The young man nodded, and the two visitors seated themselves.

“I wish to talk to you on a matter of private business,” the editor began. “Wouldn’t it be better to send the little girl away?”

The child shook her head violently at this, and crowded up closely to her father; but he held her away from him gently, and told her to “run and play with Annie.”

She passed the two visitors, with her head held scornfully in air, and left the men together. Mr. Aram seemed to have a most passive and incurious disposition. He could have no idea as to who his anonymous visitors might be, nor did he show any desire to know.

“I am the editor of —-,” the editor began. “My friend also writes for that periodical. I have received several poems from you lately, Mr. Aram, and one in particular which we all liked very much. It was called ‘Bohemia.’ But it is so like one that has appeared under the same title in the ‘—- Magazine’ that I thought I would see you about it, and ask you if you could explain the similarity. You see,” he went on, “it would be less embarrassing if you would do so now than later, when the poem has been published and when people might possibly accuse you of plagiarism.” The editor smiled encouragingly and waited.

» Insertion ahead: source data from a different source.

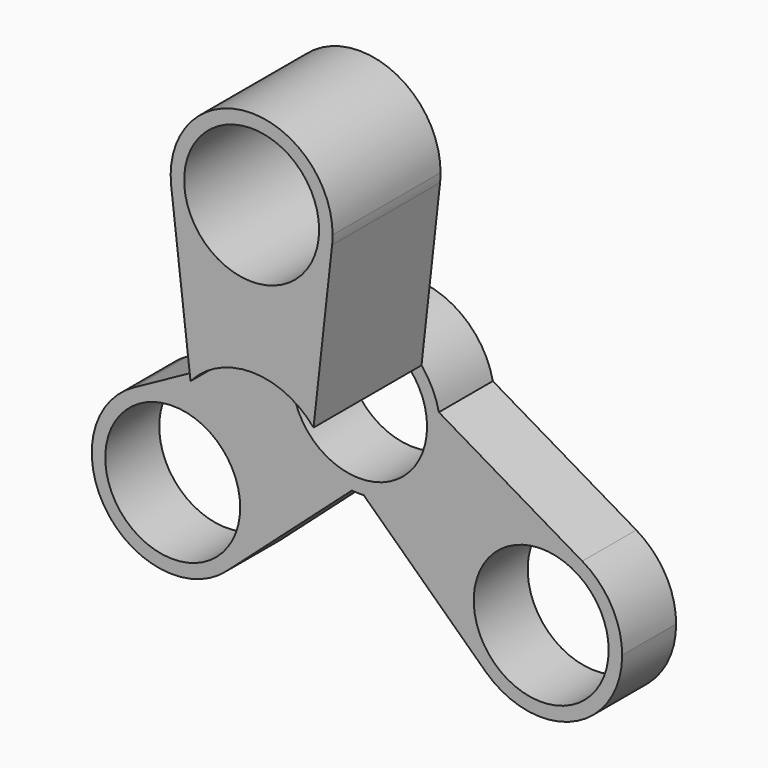
from build123d import *

# Parameters (mm, degrees)
F0_R     = 15.24
F0_R_2   = 12.7
F1_DEPTH = 12.7
F2_R     = 12.7
F3_DEPTH = 25.4
F4_R     = 12.7
F5_DEPTH = 12.7


with BuildPart() as f1:
    # F0 (on Front) → F1 (new body)
    with BuildSketch(Plane.XZ):
        Circle(F0_R)
        Circle(F0_R_2, mode=Mode.SUBTRACT)
    extrude(amount=-F1_DEPTH)

    # F4 (on Front) → F5 (join)
    with BuildSketch(Plane.XZ):
        with BuildLine():
            ThreePointArc((-1.4432226111, -15.1715097632), (-12.4530081547, -8.7852255463), (-14.7768029338, 3.7287658889))
            Line((-14.7768029338, 3.7287658889), (-42.4920327472, -11.4460277555))
            ThreePointArc((-42.4920327472, -11.4460277555), (-27.4039738732, -11.7024445415), (-19.9330004429, -24.813501942))
            ThreePointArc((-19.9330004429, -24.813501942), (-21.266744036, -31.048374254), (-25.0345270501, -36.1919445975))
            Line((-25.0345270501, -36.1919445975), (-1.4432226111, -15.1715097632))
        make_face()
        with BuildLine():
            ThreePointArc((-19.9330004429, -24.813501942), (-27.4039738732, -11.7024445415), (-42.4920327472, -11.4460277555))
            ThreePointArc((-42.4920327472, -11.4460277555), (-47.6260085976, -33.5987274883), (-25.0345270501, -36.1919445975))
            ThreePointArc((-25.0345270501, -36.1919445975), (-21.266744036, -31.048374254), (-19.9330004429, -24.813501942))
        make_face()
        with Locations((-35.1730004429, -24.813501942)):
            Circle(F4_R, mode=Mode.SUBTRACT)
        with BuildLine():
            ThreePointArc((23.6868947427, -36.9702032486), (22.005429254, -16.7439020463), (41.9113655759, -12.7835629617))
            Line((41.9113655759, -12.7835629617), (14.9182126054, 3.11520989))
            ThreePointArc((14.9182126054, 3.11520989), (15.1593396971, 1.5658926996), (15.24, 0))
            ThreePointArc((15.24, 0), (11.0437961568, -10.5020077341), (0.7659624086, -15.2207391932))
            Line((0.7659624086, -15.2207391932), (23.6868947427, -36.9702032486))
        make_face()
        with BuildLine():
            ThreePointArc((23.6868947427, -36.9702032486), (40.1931577089, -39.9173526309), (49.4169899462, -25.9150911903))
            ThreePointArc((49.4169899462, -25.9150911903), (47.4081933041, -18.3524952272), (41.9113655759, -12.7835629617))
            ThreePointArc((41.9113655759, -12.7835629617), (22.005429254, -16.7439020463), (23.6868947427, -36.9702032486))
        make_face()
        with Locations((34.1769899462, -25.9150911903)):
            Circle(F4_R, mode=Mode.SUBTRACT)
    extrude(amount=-F5_DEPTH)


with BuildPart() as f3:
    # F2 (on Front) → F3 (new body)
    with BuildSketch(Plane.XZ):
        with BuildLine():
            ThreePointArc((15.1464025023, 41.2365004611), (0.0390187723, 27.6829937802), (-15.1375684015, 41.1589645532))
            Line((-15.1375684015, 41.1589645532), (-11.5058741435, 9.9936209751))
            ThreePointArc((-11.5058741435, 9.9936209751), (0.1101276854, 15.239602091), (11.649101066, 9.8262935206))
            Line((11.649101066, 9.8262935206), (15.1464025023, 41.2365004611))
        make_face()
        with BuildLine():
            ThreePointArc((15.1464025023, 41.2365004611), (15.2165826343, 42.0784244805), (15.24, 42.9229438305))
            ThreePointArc((15.24, 42.9229438305), (-0.8834753991, 58.13731438), (-15.1375684015, 41.1589645532))
            ThreePointArc((-15.1375684015, 41.1589645532), (0.0390187723, 27.6829937802), (15.1464025023, 41.2365004611))
        make_face()
        with Locations((0, 42.9229438305)):
            Circle(F2_R, mode=Mode.SUBTRACT)
    extrude(amount=F3_DEPTH)


solid = Compound([f1.part, f3.part])

Mr. Aram crossed one leg over the other and folded his hands in his lap. He exhibited no interest, and looked drowsily at the editor. When he spoke it was in a tone of unstudied indifference. “I never wrote a poem called ‘Bohemia,'” he said, slowly; “at least, if I did I don’t remember it.”

The editor had not expected a flat denial, and it irritated him, for he recognized it to be the safest course the man could pursue, if he kept to it. “But you don’t mean to say,” he protested, smiling, “that you can write so excellent a poem as ‘Bohemia’ and then forget having done so?”

“I might,” said Mr. Aram, unresentfully, and with little interest. “I scribble a good deal.”

“Perhaps,” suggested the reporter, politely, with the air of one who is trying to cover up a difficulty to the satisfaction of all, “Mr. Aram would remember it if he saw it.”

The editor nodded his head in assent, and took the first page of the two on which the poem was written, and held it out to Mr. Aram, who accepted the piece of foolscap and eyed it listlessly.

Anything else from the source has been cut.